Hesitant fuzzy Lukasiewicz implication operation and its application to alternatives' sorting and clustering analysis

Hesitant fuzzy set (HFS) takes several possible values as the membership degree of an element to a set to express the decision makers' hesitance when making decisions. Since its appearance, the HFS has been widely used in many fields, such as decision making, clustering analysis. Lukasiewicz implication operator, an indispensable part of implication operators, can grasp more nuances compared with the others. In this paper, we shall combine the Lukasiewicz implication operator with HFSs to realize a direct clustering analysis algorithm and a novel alternative sorting method in decision making under hesitant fuzzy environment.

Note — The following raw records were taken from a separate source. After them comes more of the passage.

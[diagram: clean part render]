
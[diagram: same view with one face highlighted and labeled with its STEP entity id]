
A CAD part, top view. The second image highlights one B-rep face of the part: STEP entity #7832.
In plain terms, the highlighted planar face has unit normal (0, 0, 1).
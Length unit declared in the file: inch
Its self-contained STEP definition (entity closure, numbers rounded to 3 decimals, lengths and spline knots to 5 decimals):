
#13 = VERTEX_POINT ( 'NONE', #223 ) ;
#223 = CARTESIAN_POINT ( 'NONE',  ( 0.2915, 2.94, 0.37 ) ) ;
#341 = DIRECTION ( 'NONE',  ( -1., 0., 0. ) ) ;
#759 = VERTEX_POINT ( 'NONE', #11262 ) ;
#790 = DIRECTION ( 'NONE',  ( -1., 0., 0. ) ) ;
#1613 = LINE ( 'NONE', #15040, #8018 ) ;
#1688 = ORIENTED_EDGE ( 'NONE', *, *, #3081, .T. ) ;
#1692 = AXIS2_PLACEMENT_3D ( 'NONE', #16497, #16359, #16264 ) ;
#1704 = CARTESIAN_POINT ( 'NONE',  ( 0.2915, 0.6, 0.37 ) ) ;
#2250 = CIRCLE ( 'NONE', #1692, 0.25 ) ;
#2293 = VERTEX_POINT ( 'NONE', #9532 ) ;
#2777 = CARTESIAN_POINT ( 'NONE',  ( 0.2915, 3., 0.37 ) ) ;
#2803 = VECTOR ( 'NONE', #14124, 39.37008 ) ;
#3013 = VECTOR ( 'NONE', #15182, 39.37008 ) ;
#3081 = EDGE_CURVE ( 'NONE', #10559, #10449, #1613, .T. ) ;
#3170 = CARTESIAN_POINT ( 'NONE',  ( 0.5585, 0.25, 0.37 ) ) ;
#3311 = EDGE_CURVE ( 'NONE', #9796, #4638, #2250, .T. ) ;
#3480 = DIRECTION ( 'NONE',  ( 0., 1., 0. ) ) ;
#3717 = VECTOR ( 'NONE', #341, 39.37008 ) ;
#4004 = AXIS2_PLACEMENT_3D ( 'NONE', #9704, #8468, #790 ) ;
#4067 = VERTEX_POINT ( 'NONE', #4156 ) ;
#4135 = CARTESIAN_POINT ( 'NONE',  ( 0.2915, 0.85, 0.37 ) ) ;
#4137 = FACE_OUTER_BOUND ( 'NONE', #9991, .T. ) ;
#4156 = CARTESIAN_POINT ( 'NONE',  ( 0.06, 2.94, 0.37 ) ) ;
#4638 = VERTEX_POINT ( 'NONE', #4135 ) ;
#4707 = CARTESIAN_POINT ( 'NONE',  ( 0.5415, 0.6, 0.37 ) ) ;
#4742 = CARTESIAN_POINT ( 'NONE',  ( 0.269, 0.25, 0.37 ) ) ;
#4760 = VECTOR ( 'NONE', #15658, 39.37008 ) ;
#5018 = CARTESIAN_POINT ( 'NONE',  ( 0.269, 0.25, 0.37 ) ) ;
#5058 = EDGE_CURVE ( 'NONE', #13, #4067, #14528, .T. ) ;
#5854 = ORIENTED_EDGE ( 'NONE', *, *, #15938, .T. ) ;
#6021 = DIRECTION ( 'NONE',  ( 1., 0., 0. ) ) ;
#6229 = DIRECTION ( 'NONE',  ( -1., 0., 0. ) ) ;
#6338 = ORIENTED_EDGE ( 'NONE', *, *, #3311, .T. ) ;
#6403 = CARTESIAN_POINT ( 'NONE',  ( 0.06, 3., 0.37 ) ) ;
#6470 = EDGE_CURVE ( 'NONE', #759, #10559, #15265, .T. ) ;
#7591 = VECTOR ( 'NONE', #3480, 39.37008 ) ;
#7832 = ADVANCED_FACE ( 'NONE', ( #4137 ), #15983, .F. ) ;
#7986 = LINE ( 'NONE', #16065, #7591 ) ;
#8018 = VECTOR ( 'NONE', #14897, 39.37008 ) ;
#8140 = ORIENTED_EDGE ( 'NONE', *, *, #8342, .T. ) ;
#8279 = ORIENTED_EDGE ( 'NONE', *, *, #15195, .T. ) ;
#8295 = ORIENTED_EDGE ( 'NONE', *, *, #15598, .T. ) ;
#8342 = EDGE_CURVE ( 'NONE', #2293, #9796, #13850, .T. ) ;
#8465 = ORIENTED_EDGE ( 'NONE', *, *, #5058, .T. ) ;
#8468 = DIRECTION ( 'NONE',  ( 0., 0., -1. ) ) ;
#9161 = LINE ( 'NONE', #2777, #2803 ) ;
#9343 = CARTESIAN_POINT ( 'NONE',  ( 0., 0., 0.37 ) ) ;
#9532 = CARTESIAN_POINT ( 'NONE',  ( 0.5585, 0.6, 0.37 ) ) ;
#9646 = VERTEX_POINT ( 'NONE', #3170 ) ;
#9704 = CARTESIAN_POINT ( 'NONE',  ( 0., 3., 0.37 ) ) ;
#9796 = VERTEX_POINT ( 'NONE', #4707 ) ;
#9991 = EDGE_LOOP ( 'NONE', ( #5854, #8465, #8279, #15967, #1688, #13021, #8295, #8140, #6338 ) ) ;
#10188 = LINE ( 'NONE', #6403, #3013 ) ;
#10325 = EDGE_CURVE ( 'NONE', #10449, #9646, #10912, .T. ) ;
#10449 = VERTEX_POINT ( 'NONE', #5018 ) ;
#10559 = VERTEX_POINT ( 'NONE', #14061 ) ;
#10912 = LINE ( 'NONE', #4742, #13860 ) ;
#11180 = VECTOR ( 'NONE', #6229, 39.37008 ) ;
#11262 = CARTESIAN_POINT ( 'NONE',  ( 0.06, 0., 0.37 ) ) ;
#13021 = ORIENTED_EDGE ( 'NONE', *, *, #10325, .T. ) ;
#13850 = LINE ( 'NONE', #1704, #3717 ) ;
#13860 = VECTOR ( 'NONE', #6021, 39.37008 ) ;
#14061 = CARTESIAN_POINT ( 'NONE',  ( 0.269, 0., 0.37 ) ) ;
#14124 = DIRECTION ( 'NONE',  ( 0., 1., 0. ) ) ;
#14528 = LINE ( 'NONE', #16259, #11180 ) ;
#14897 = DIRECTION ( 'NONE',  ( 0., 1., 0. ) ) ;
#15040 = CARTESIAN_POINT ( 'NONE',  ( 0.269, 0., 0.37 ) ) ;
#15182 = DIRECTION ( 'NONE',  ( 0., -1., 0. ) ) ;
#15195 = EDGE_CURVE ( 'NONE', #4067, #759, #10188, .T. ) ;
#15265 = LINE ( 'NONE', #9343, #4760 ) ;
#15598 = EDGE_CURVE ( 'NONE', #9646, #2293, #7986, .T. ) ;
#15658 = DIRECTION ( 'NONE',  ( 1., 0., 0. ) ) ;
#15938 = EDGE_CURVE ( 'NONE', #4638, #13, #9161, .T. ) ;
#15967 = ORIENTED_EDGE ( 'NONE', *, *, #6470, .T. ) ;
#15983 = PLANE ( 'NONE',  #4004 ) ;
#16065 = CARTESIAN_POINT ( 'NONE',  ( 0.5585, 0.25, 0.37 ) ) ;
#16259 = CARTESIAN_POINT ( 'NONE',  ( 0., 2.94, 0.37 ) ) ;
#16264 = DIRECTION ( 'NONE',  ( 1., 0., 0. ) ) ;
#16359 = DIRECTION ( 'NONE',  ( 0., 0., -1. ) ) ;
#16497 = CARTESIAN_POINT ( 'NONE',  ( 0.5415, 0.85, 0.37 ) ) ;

To do that, we first apply the Lukasiewicz implication operator to deal with HFEs by getting a hesitant fuzzy Lukasiewicz implication operator, and then construct a hesitant fuzzy triangle product and a hesitant fuzzy square product based on the new implication operator. After that, the hesitant fuzzy square product is applied to define the similarity degree between HFSs, and based on which, we develop a direct clustering algorithm for hesitant fuzzy information. Meanwhile, the hesitant fuzzy triangle product is used to induce a new alternative sorting method. Finally, two numerical examples are given to illustrate the effectiveness and practicability of our method and algorithm, one of which involves the evaluation analysis of the Arctic development risk.